Perubahan terbaru pada sistem pemungutan suara dapat semakin memperumit dampaknya, kata Remadji Hoinathy, peneliti di Institute for Security Studies yang berfokus pada Afrika. Hal ini termasuk penerapan sistem pemungutan suara yang mengharuskan pemilih memilih calon presiden dan anggota parlemen dari partai yang sama.

Pihak oposisi juga menyuarakan keprihatinan mengenai perubahan konstitusi baru-baru ini yang menghapuskan dua putaran pemungutan suara untuk pemilihan presiden identitas.

Kubu Bongo telah memposisikannya sebagai favorit kuat untuk memenangkan perlombaan, meskipun belum ada jajak pendapat yang dapat diandalkan.
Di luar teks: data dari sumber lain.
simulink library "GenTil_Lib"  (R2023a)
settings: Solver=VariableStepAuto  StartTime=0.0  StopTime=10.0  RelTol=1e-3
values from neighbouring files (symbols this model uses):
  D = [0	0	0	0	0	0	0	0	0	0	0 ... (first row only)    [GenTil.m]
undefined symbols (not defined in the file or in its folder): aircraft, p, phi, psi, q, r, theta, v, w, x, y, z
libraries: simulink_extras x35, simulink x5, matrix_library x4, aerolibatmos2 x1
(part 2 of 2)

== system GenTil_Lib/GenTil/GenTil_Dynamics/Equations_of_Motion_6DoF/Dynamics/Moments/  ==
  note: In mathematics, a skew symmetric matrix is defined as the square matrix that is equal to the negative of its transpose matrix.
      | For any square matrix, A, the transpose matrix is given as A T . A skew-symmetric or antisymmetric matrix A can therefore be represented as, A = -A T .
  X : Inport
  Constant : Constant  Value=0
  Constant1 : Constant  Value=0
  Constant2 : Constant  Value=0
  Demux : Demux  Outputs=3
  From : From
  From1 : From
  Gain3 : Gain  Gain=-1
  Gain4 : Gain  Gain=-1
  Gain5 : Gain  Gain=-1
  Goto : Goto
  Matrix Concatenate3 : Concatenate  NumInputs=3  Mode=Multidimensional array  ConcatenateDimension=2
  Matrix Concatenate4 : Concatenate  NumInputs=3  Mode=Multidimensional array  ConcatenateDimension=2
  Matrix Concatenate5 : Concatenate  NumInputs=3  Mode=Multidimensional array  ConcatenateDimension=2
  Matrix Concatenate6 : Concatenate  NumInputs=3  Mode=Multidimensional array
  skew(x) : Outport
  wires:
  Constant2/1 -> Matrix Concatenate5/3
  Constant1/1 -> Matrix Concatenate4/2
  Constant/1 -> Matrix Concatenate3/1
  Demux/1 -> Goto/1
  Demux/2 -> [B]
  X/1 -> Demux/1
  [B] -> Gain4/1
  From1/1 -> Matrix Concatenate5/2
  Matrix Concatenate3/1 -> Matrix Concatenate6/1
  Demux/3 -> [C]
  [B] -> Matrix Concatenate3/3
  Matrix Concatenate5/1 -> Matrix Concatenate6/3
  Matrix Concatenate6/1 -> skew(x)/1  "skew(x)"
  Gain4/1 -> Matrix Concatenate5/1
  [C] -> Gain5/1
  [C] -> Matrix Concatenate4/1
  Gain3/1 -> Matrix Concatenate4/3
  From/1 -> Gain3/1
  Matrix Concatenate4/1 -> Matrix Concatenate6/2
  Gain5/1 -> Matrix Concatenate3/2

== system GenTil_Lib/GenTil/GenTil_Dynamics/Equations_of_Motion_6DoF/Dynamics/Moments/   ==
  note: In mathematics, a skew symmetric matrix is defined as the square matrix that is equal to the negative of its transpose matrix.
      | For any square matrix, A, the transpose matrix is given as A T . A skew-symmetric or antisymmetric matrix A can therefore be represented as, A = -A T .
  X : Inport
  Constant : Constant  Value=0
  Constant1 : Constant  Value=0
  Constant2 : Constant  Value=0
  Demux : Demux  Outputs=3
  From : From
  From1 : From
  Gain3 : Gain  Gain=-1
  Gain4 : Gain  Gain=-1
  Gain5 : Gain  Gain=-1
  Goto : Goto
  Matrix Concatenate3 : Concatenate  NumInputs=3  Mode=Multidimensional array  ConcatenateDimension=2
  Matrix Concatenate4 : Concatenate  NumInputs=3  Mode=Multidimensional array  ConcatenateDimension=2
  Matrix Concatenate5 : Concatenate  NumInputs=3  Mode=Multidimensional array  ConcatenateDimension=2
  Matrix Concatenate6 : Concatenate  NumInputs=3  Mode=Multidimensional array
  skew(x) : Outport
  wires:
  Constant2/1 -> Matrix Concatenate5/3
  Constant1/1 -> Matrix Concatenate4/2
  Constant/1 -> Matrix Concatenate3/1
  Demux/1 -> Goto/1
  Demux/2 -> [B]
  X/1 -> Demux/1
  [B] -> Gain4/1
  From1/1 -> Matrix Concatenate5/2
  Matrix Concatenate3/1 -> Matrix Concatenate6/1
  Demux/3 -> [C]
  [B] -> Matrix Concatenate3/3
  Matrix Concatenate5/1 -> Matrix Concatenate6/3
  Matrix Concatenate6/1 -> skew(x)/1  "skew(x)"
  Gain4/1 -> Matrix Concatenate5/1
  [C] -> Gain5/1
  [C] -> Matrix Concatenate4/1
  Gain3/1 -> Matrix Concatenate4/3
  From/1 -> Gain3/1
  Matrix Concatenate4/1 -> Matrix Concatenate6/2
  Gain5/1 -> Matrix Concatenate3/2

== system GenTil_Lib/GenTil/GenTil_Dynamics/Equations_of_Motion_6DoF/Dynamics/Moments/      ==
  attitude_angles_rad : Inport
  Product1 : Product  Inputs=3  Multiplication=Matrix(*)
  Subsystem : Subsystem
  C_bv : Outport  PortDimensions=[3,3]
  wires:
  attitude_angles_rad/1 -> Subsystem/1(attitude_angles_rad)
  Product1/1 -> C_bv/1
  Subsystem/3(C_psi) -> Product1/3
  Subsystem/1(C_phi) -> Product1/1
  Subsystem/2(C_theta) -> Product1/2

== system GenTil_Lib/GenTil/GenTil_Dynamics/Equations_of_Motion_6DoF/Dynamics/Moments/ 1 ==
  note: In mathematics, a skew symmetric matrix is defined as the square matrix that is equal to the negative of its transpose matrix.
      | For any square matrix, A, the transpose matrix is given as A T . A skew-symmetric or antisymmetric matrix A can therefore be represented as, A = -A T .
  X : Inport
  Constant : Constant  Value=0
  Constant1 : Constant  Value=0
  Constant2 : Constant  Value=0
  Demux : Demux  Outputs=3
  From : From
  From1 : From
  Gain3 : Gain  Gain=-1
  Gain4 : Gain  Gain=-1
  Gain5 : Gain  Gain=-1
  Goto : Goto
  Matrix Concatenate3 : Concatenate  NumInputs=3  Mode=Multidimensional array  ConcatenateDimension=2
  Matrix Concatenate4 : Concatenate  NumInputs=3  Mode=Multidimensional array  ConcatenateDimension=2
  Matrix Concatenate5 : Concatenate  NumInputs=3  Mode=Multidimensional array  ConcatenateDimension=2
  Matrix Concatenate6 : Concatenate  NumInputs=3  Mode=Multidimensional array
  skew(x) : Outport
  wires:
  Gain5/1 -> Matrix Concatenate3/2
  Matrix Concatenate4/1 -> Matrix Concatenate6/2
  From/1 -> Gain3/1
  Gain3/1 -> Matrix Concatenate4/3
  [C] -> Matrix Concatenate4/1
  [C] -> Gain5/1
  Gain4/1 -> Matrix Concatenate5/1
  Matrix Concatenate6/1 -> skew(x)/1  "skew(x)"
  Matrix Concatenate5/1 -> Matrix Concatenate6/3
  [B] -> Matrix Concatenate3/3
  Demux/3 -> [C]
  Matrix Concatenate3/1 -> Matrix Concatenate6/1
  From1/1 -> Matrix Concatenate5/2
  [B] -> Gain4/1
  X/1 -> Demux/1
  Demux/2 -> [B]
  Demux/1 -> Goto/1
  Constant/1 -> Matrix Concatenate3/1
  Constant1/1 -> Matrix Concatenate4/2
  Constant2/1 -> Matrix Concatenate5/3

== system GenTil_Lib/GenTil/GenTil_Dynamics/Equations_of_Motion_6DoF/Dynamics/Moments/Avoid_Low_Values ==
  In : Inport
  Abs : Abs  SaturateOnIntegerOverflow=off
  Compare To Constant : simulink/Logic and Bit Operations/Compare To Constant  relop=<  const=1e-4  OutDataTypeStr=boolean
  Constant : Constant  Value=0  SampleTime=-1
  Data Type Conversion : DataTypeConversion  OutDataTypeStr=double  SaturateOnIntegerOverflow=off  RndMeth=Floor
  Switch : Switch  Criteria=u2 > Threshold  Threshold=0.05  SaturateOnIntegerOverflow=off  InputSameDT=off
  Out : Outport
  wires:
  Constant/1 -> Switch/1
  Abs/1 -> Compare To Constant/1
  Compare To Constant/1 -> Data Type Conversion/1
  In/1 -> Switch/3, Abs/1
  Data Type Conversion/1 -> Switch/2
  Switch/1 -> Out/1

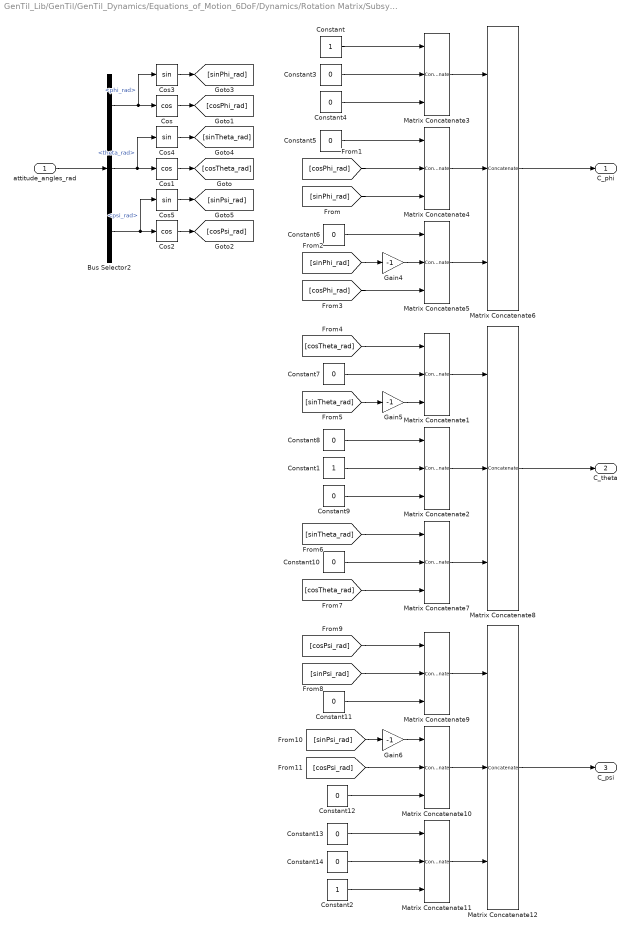
== system GenTil_Lib/GenTil/GenTil_Dynamics/Equations_of_Motion_6DoF/Dynamics/Rotation Matrix/Subsystem ==
  attitude_angles_rad : Inport
  Bus Selector2 : BusSelector  OutputSignals=phi_rad,theta_rad,psi_rad
  Constant : Constant
  Constant1 : Constant
  Constant{3..14} (12 alike) : Constant  Value=0
  Constant2 : Constant
  Cos : Trigonometry  Operator=cos
  Cos1 : Trigonometry  Operator=cos
  Cos2 : Trigonometry  Operator=cos
  Cos3 : Trigonometry
  Cos4 : Trigonometry
  Cos5 : Trigonometry
  Gain4 : Gain  Gain=-1
  Gain5 : Gain  Gain=-1
  Gain6 : Gain  Gain=-1
  Matrix Concatenate{1..5,7,9..11} (9 alike) : Concatenate  NumInputs=3  Mode=Multidimensional array  ConcatenateDimension=2
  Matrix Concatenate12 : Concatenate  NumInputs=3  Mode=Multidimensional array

Ancaman utamanya datang dari Ondo Ossa, seorang profesor ekonomi dan manajemen yang berkampanye tentang perlunya perubahan dan peluang ekonomi yang lebih baik.

Pernyataan ini bisa saja diterima di negara yang satu dari tiga generasi mudanya menganggur dan sebagian besar penduduknya hanya mengetahui aturan Bongo.